The global COVID-19 pandemic has caused the biggest shock to population growth since early last century, triggering a forecast plunge in new demand for Australian housing over coming years.
That’s the key finding of the first report by the federal government’s newly-formed National Housing Finance and Investment Corporation research team, who have provided a picture of the projected housing supply and demand balance to 2025.
By then, almost one million fewer people than previously expected are predicted to be living in Australia, according to the report released on Tuesday.
But at the same time, low interest rates and government stimulus have caused a recovery in construction activity, and new supply is expected to exceed new demand by around 127,000 dwellings next year.
“Cumulative new supply is expected to be around 93,000 higher than new demand by 2025, although sensitivity analysis demonstrates this could halve with slightly more optimistic population growth assumptions,” the researchers say.
“Should international borders open sooner than expected, with migration resuming and more Australians returning home, coupled with potentially constrained housing supply, any cumulative excess supply over a medium-to-longer term horizon is anticipated to be negligible.”
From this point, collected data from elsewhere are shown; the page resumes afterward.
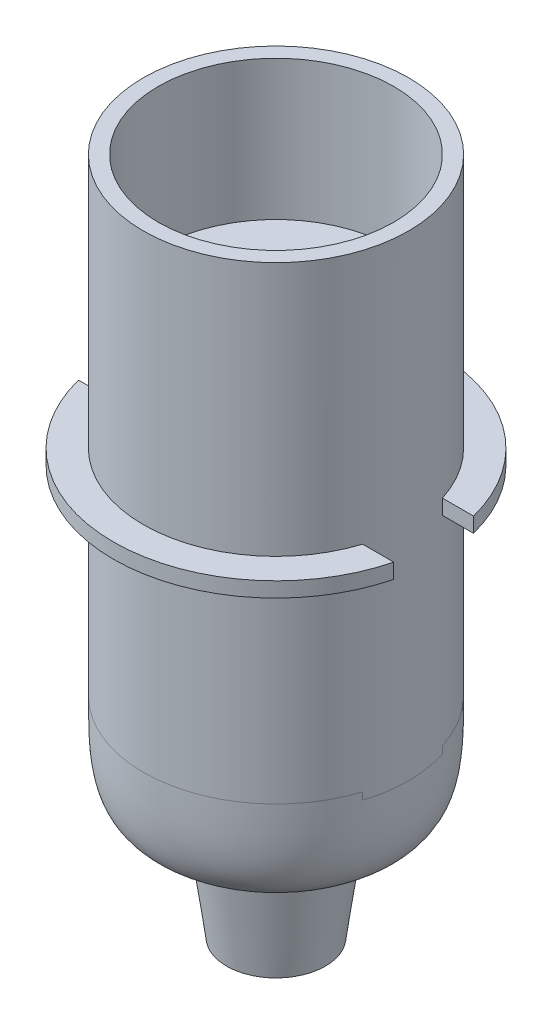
ISO-10303-21;
HEADER;
FILE_DESCRIPTION(('STEP AP214'),'2;1');
FILE_NAME('part.step','',(''),(''),'','','');
FILE_SCHEMA(('AUTOMOTIVE_DESIGN { 1 0 10303 214 1 1 1 1 }'));
ENDSEC;
DATA;
#1=APPLICATION_CONTEXT('core data for automotive mechanical design processes');
#2=APPLICATION_PROTOCOL_DEFINITION('international standard','automotive_design',2000,#1);
#3=PRODUCT_CONTEXT('',#1,'mechanical');
#4=PRODUCT('Part','Part','',(#3));
#5=PRODUCT_RELATED_PRODUCT_CATEGORY('part','',(#4));
#6=PRODUCT_DEFINITION_FORMATION('','',#4);
#7=PRODUCT_DEFINITION_CONTEXT('part definition',#1,'design');
#8=PRODUCT_DEFINITION('design','',#6,#7);
#9=PRODUCT_DEFINITION_SHAPE('','',#8);
#10=(LENGTH_UNIT() NAMED_UNIT(*) SI_UNIT(.MILLI.,.METRE.));
#11=(NAMED_UNIT(*) PLANE_ANGLE_UNIT() SI_UNIT($,.RADIAN.));
#12=(NAMED_UNIT(*) SI_UNIT($,.STERADIAN.) SOLID_ANGLE_UNIT());
#13=UNCERTAINTY_MEASURE_WITH_UNIT(LENGTH_MEASURE(1.E-05),#10,'distance_accuracy_value','');
#14=(GEOMETRIC_REPRESENTATION_CONTEXT(3) GLOBAL_UNCERTAINTY_ASSIGNED_CONTEXT((#13)) GLOBAL_UNIT_ASSIGNED_CONTEXT((#10,
#11,#12)) REPRESENTATION_CONTEXT('',''));
#15=CARTESIAN_POINT('',(0.,0.,0.));
#16=DIRECTION('',(0.,0.,1.));
#17=DIRECTION('',(1.,0.,0.));
#18=AXIS2_PLACEMENT_3D('',#15,#16,#17);
#19=CARTESIAN_POINT('',(8.15,0.,0.));
#20=CARTESIAN_POINT('',(13.2116084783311,0.0241383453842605,0.));
#21=CARTESIAN_POINT('',(13.307154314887,4.13008008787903,0.));
#22=CARTESIAN_POINT('',(13.3,10.,0.));
#23=B_SPLINE_CURVE_WITH_KNOTS('',3,(#19,#20,#21,#22),.UNSPECIFIED.,.F.,.F.,(4,4),(0.,1.),.UNSPECIFIED.);
#24=CARTESIAN_POINT('',(0.,68.8462678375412,0.));
#25=DIRECTION('',(0.,1.,0.));
#26=AXIS1_PLACEMENT('',#24,#25);
#27=SURFACE_OF_REVOLUTION('',#23,#26);
#28=CARTESIAN_POINT('',(0.,0.,0.));
#29=DIRECTION('',(0.,1.,0.));
#30=DIRECTION('',(0.,0.,1.));
#31=AXIS2_PLACEMENT_3D('',#28,#29,#30);
#32=CIRCLE('',#31,8.15);
#33=CARTESIAN_POINT('',(0.,0.,8.15));
#34=VERTEX_POINT('',#33);
#35=EDGE_CURVE('E313',#34,#34,#32,.T.);
#36=ORIENTED_EDGE('',*,*,#35,.T.);
#37=EDGE_LOOP('',(#36));
#38=FACE_BOUND('',#37,.T.);
#39=CARTESIAN_POINT('',(-12.6842421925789,10.,4.00000000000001));
#40=CARTESIAN_POINT('',(-12.6842778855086,9.96928909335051,4.00001125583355));
#41=CARTESIAN_POINT('',(-12.6843109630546,9.93857818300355,4.00002168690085));
#42=CARTESIAN_POINT('',(-12.6843703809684,9.87725390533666,4.00004042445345));
#43=CARTESIAN_POINT('',(-12.6843967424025,9.846640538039,4.00004873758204));
#44=CARTESIAN_POINT('',(-12.6844413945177,9.78551201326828,4.00006281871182));
#45=CARTESIAN_POINT('',(-12.6844597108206,9.75499685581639,4.00006859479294));
#46=CARTESIAN_POINT('',(-12.6844869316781,9.6940654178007,4.00007717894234));
#47=CARTESIAN_POINT('',(-12.6844958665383,9.66364913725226,4.00007999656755));
#48=CARTESIAN_POINT('',(-12.6845029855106,9.60291612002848,4.00008224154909));
#49=CARTESIAN_POINT('',(-12.6845012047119,9.5725993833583,4.00008167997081));
#50=CARTESIAN_POINT('',(-12.6844855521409,9.51206612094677,4.00007674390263));
#51=CARTESIAN_POINT('',(-12.684471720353,9.48184959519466,4.00007238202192));
#52=CARTESIAN_POINT('',(-12.6844306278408,9.42151742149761,4.0000594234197));
#53=CARTESIAN_POINT('',(-12.6844034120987,9.39140177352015,4.00005084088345));
#54=CARTESIAN_POINT('',(-12.6843342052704,9.33127202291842,4.00002901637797));
#55=CARTESIAN_POINT('',(-12.6842922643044,9.30125792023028,4.00001579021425));
#56=CARTESIAN_POINT('',(-12.6842421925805,9.27124383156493,4.00000000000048));
#57=B_SPLINE_CURVE_WITH_KNOTS('',3,(#39,#40,#41,#42,#43,#44,#45,#46,#47,#48,#49,#50,#51,#52,#53,
#54,#55,#56),.UNSPECIFIED.,.F.,.F.,(4,2,2,2,2,2,2,2,4),(0.,0.0921327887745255,0.183972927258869,
0.27551841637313,0.366767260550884,0.457717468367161,0.548367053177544,0.638714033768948,
0.728756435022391),.UNSPECIFIED.);
#58=CARTESIAN_POINT('',(-12.6842421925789,10.,4.));
#59=VERTEX_POINT('',#58);
#60=CARTESIAN_POINT('',(-12.6842421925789,9.27124383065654,4.));
#61=VERTEX_POINT('',#60);
#62=EDGE_CURVE('E175',#59,#61,#57,.T.);
#63=ORIENTED_EDGE('',*,*,#62,.T.);
#64=CARTESIAN_POINT('',(0.,9.27124383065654,0.));
#65=DIRECTION('',(0.,1.,0.));
#66=DIRECTION('',(0.,0.,1.));
#67=AXIS2_PLACEMENT_3D('',#64,#65,#66);
#68=CIRCLE('',#67,13.3);
#69=CARTESIAN_POINT('',(-12.684242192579,9.27124383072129,-4.));
#70=VERTEX_POINT('',#69);
#71=EDGE_CURVE('E171',#70,#61,#68,.T.);
#72=ORIENTED_EDGE('',*,*,#71,.F.);
#73=CARTESIAN_POINT('',(-12.6842421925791,9.27124383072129,-4.));
#74=CARTESIAN_POINT('',(-12.6842922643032,9.30125791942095,-4.00001579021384));
#75=CARTESIAN_POINT('',(-12.6843342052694,9.33127202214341,-4.00002901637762));
#76=CARTESIAN_POINT('',(-12.684403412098,9.39140177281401,-4.0000508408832));
#77=CARTESIAN_POINT('',(-12.6844306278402,9.42151742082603,-4.00005942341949));
#78=CARTESIAN_POINT('',(-12.6844717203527,9.48184959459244,-4.00007238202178));
#79=CARTESIAN_POINT('',(-12.6844855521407,9.51206612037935,-4.00007674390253));
#80=CARTESIAN_POINT('',(-12.6845012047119,9.57259938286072,-4.00008167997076));
#81=CARTESIAN_POINT('',(-12.6845029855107,9.60291611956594,-4.00008224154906));
#82=CARTESIAN_POINT('',(-12.6844958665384,9.66364913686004,-4.00007999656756));
#83=CARTESIAN_POINT('',(-12.6844869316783,9.69406541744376,-4.00007717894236));
#84=CARTESIAN_POINT('',(-12.6844597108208,9.75499685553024,-4.00006859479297));
#85=CARTESIAN_POINT('',(-12.6844413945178,9.78551201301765,-4.00006281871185));
#86=CARTESIAN_POINT('',(-12.6843967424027,9.84664053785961,-4.00004873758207));
#87=CARTESIAN_POINT('',(-12.6843703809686,9.87725390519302,-4.00004042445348));
#88=CARTESIAN_POINT('',(-12.6843109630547,9.93857818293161,-4.00002168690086));
#89=CARTESIAN_POINT('',(-12.6842778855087,9.96928909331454,-4.00001125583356));
#90=CARTESIAN_POINT('',(-12.6842421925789,10.,-4.));
#91=B_SPLINE_CURVE_WITH_KNOTS('',3,(#73,#74,#75,#76,#77,#78,#79,#80,#81,#82,#83,#84,#85,#86,#87,
#88,#89,#90),.UNSPECIFIED.,.F.,.F.,(4,2,2,2,2,2,2,2,4),(0.,0.0900424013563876,0.180389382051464,
0.271038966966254,0.361989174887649,0.453238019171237,0.544783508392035,0.636623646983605,
0.728756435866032),.UNSPECIFIED.);
#92=CARTESIAN_POINT('',(-12.6842421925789,10.,-4.));
#93=VERTEX_POINT('',#92);
#94=EDGE_CURVE('E52',#93,#70,#91,.F.);
#95=ORIENTED_EDGE('',*,*,#94,.F.);
#96=CARTESIAN_POINT('',(0.,10.,0.));
#97=DIRECTION('',(0.,1.,0.));
#98=DIRECTION('',(0.,0.,1.));
#99=AXIS2_PLACEMENT_3D('',#96,#97,#98);
#100=CIRCLE('',#99,13.3);
#101=CARTESIAN_POINT('',(12.6842421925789,10.,-4.));
#102=VERTEX_POINT('',#101);
#103=EDGE_CURVE('E44',#102,#93,#100,.T.);
#104=ORIENTED_EDGE('',*,*,#103,.F.);
#105=CARTESIAN_POINT('',(12.6842421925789,10.,-4.));
#106=CARTESIAN_POINT('',(12.6842778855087,9.96928909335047,-4.00001125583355));
#107=CARTESIAN_POINT('',(12.6843109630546,9.93857818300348,-4.00002168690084));
#108=CARTESIAN_POINT('',(12.6843703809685,9.87725390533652,-4.00004042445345));
#109=CARTESIAN_POINT('',(12.6843967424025,9.84664053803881,-4.00004873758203));
#110=CARTESIAN_POINT('',(12.6844413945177,9.78551201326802,-4.00006281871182));
#111=CARTESIAN_POINT('',(12.6844597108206,9.75499685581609,-4.00006859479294));
#112=CARTESIAN_POINT('',(12.6844869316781,9.69406541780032,-4.00007717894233));
#113=CARTESIAN_POINT('',(12.6844958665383,9.66364913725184,-4.00007999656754));
#114=CARTESIAN_POINT('',(12.6845029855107,9.60291612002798,-4.00008224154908));
#115=CARTESIAN_POINT('',(12.6845012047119,9.57259938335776,-4.0000816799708));
#116=CARTESIAN_POINT('',(12.6844855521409,9.51206612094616,-4.00007674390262));
#117=CARTESIAN_POINT('',(12.684471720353,9.48184959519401,-4.00007238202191));
#118=CARTESIAN_POINT('',(12.6844306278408,9.42151742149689,-4.00005942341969));
#119=CARTESIAN_POINT('',(12.6844034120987,9.39140177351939,-4.00005084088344));
#120=CARTESIAN_POINT('',(12.6843342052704,9.33127202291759,-4.00002901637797));
#121=CARTESIAN_POINT('',(12.6842922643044,9.30125792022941,-4.00001579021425));
#122=CARTESIAN_POINT('',(12.6842421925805,9.27124383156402,-4.00000000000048));
#123=B_SPLINE_CURVE_WITH_KNOTS('',3,(#105,#106,#107,#108,#109,#110,#111,#112,#113,#114,#115,
#116,#117,#118,#119,#120,#121,#122),.UNSPECIFIED.,.F.,.F.,(4,2,2,2,2,2,2,2,4),(0.,
0.0921327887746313,0.183972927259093,0.275518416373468,0.366767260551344,0.457717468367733,
0.548367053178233,0.638714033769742,0.728756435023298),.UNSPECIFIED.);
#124=CARTESIAN_POINT('',(12.6842421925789,9.27124383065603,-4.));
#125=VERTEX_POINT('',#124);
#126=EDGE_CURVE('E197',#102,#125,#123,.T.);
#127=ORIENTED_EDGE('',*,*,#126,.T.);
#128=CARTESIAN_POINT('',(0.,9.27124383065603,0.));
#129=DIRECTION('',(0.,1.,0.));
#130=DIRECTION('',(0.,0.,1.));
#131=AXIS2_PLACEMENT_3D('',#128,#129,#130);
#132=CIRCLE('',#131,13.3);
#133=CARTESIAN_POINT('',(12.6842421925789,9.27124383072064,4.));
#134=VERTEX_POINT('',#133);
#135=EDGE_CURVE('E198',#134,#125,#132,.T.);
#136=ORIENTED_EDGE('',*,*,#135,.F.);
#137=CARTESIAN_POINT('',(12.6842421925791,9.27124383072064,4.));
#138=CARTESIAN_POINT('',(12.6842922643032,9.30125791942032,4.00001579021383));
#139=CARTESIAN_POINT('',(12.6843342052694,9.33127202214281,4.00002901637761));
#140=CARTESIAN_POINT('',(12.684403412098,9.39140177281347,4.00005084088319));
#141=CARTESIAN_POINT('',(12.6844306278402,9.42151742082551,4.00005942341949));
#142=CARTESIAN_POINT('',(12.6844717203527,9.48184959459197,4.00007238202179));
#143=CARTESIAN_POINT('',(12.6844855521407,9.51206612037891,4.00007674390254));
#144=CARTESIAN_POINT('',(12.6845012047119,9.57259938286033,4.00008167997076));
#145=CARTESIAN_POINT('',(12.6845029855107,9.60291611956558,4.00008224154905));
#146=CARTESIAN_POINT('',(12.6844958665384,9.66364913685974,4.00007999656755));
#147=CARTESIAN_POINT('',(12.6844869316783,9.69406541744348,4.00007717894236));
#148=CARTESIAN_POINT('',(12.6844597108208,9.75499685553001,4.00006859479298));
#149=CARTESIAN_POINT('',(12.6844413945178,9.78551201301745,4.00006281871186));
#150=CARTESIAN_POINT('',(12.6843967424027,9.84664053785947,4.00004873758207));
#151=CARTESIAN_POINT('',(12.6843703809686,9.8772539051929,4.00004042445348));
#152=CARTESIAN_POINT('',(12.6843109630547,9.93857818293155,4.00002168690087));
#153=CARTESIAN_POINT('',(12.6842778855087,9.96928909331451,4.00001125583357));
#154=CARTESIAN_POINT('',(12.6842421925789,10.,4.));
#155=B_SPLINE_CURVE_WITH_KNOTS('',3,(#137,#138,#139,#140,#141,#142,#143,#144,#145,#146,#147,
#148,#149,#150,#151,#152,#153,#154),.UNSPECIFIED.,.F.,.F.,(4,2,2,2,2,2,2,2,4),(0.,
0.0900424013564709,0.180389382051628,0.271038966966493,0.361989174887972,0.453238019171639,
0.544783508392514,0.636623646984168,0.728756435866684),.UNSPECIFIED.);
#156=CARTESIAN_POINT('',(12.6842421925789,10.,4.));
#157=VERTEX_POINT('',#156);
#158=EDGE_CURVE('E191',#157,#134,#155,.F.);
#159=ORIENTED_EDGE('',*,*,#158,.F.);
#160=EDGE_CURVE('E149',#59,#157,#100,.T.);
#161=ORIENTED_EDGE('',*,*,#160,.F.);
#162=EDGE_LOOP('',(#63,#72,#95,#104,#127,#136,#159,#161));
#163=FACE_BOUND('',#162,.T.);
#164=ADVANCED_FACE('F32',(#38,#163),#27,.T.);
#165=CARTESIAN_POINT('',(16.3,30.,0.));
#166=DIRECTION('',(0.,1.,0.));
#167=DIRECTION('',(0.,0.,1.));
#168=AXIS2_PLACEMENT_3D('',#165,#166,#167);
#169=PLANE('',#168);
#170=DIRECTION('',(-1.,0.,0.));
#171=VECTOR('',#170,1.);
#172=CARTESIAN_POINT('',(16.3,30.,4.));
#173=LINE('',#172,#171);
#174=CARTESIAN_POINT('',(-12.6842421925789,30.,4.));
#175=VERTEX_POINT('',#174);
#176=CARTESIAN_POINT('',(-15.8015821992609,30.,4.));
#177=VERTEX_POINT('',#176);
#178=EDGE_CURVE('E176',#175,#177,#173,.T.);
#179=ORIENTED_EDGE('',*,*,#178,.F.);
#180=CARTESIAN_POINT('',(0.,30.,0.));
#181=DIRECTION('',(0.,1.,0.));
#182=DIRECTION('',(0.,0.,1.));
#183=AXIS2_PLACEMENT_3D('',#180,#181,#182);
#184=CIRCLE('',#183,13.3);
#185=CARTESIAN_POINT('',(12.6842421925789,30.,4.));
#186=VERTEX_POINT('',#185);
#187=EDGE_CURVE('E150',#175,#186,#184,.T.);
#188=ORIENTED_EDGE('',*,*,#187,.T.);
#189=DIRECTION('',(-1.,0.,0.));
#190=VECTOR('',#189,1.);
#191=CARTESIAN_POINT('',(16.3,30.,4.));
#192=LINE('',#191,#190);
#193=CARTESIAN_POINT('',(15.8015821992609,30.,4.));
#194=VERTEX_POINT('',#193);
#195=EDGE_CURVE('E188',#194,#186,#192,.T.);
#196=ORIENTED_EDGE('',*,*,#195,.F.);
#197=CARTESIAN_POINT('',(0.,30.,0.));
#198=DIRECTION('',(0.,1.,0.));
#199=DIRECTION('',(0.,0.,1.));
#200=AXIS2_PLACEMENT_3D('',#197,#198,#199);
#201=CIRCLE('',#200,16.3);
#202=EDGE_CURVE('E283',#177,#194,#201,.T.);
#203=ORIENTED_EDGE('',*,*,#202,.F.);
#204=EDGE_LOOP('',(#179,#188,#196,#203));
#205=FACE_BOUND('',#204,.T.);
#206=ADVANCED_FACE('F281',(#205),#169,.F.);
#207=DIRECTION('',(1.,0.,0.));
#208=VECTOR('',#207,1.);
#209=CARTESIAN_POINT('',(16.3,30.,-4.));
#210=LINE('',#209,#208);
#211=CARTESIAN_POINT('',(-15.8015821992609,30.,-4.));
#212=VERTEX_POINT('',#211);
#213=CARTESIAN_POINT('',(-12.684242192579,30.,-4.));
#214=VERTEX_POINT('',#213);
#215=EDGE_CURVE('E126',#212,#214,#210,.T.);
#216=ORIENTED_EDGE('',*,*,#215,.F.);
#217=CARTESIAN_POINT('',(15.8015821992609,30.,-4.));
#218=VERTEX_POINT('',#217);
#219=EDGE_CURVE('E153',#218,#212,#201,.T.);
#220=ORIENTED_EDGE('',*,*,#219,.F.);
#221=DIRECTION('',(1.,0.,0.));
#222=VECTOR('',#221,1.);
#223=CARTESIAN_POINT('',(16.3,30.,-4.));
#224=LINE('',#223,#222);
#225=CARTESIAN_POINT('',(12.6842421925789,30.,-4.));
#226=VERTEX_POINT('',#225);
#227=EDGE_CURVE('E148',#226,#218,#224,.T.);
#228=ORIENTED_EDGE('',*,*,#227,.F.);
#229=EDGE_CURVE('E141',#226,#214,#184,.T.);
#230=ORIENTED_EDGE('',*,*,#229,.T.);
#231=EDGE_LOOP('',(#216,#220,#228,#230));
#232=FACE_BOUND('',#231,.T.);
#233=ADVANCED_FACE('F147',(#232),#169,.F.);
#234=CARTESIAN_POINT('',(0.,68.8462678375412,0.));
#235=DIRECTION('',(0.,1.,0.));
#236=DIRECTION('',(0.,0.,1.));
#237=AXIS2_PLACEMENT_3D('',#234,#235,#236);
#238=CYLINDRICAL_SURFACE('',#237,16.3);
#239=DIRECTION('',(0.,1.,0.));
#240=VECTOR('',#239,1.);
#241=CARTESIAN_POINT('',(-15.8015821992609,68.8462678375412,4.));
#242=LINE('',#241,#240);
#243=CARTESIAN_POINT('',(-15.8015821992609,31.5,4.));
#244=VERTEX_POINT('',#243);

Fewer households forming to soak up new supply over the near term is good news for renters, particularly in more densely populated eastern seaboard cities, as it should push prices down.
“There is likely to be downward pressure on rents in Sydney and Melbourne where vacancy rates are higher, which could improve overall rental affordability,” the researchers say.
They say that in the long term, however, the trends of declining affordability - particularly for low-income renters and prospective first home buyers able to transition to home ownership - will likely persist.
That’s why it is crucial for supply to respond to demand when it recovers and exceeds available dwellings, likely beyond 2023, the researchers say.
“The outlook for housing demand, supply and affordability is ultimately dependent on the reopening of international borders, the path of future population growth and the economic recovery, all of which are subject to an unusual degree of uncertainty,” the report concludes.
“In some respects, the projected excess supply over the next two years can be seen as partial catch-up for longer more protracted periods of undersupply.”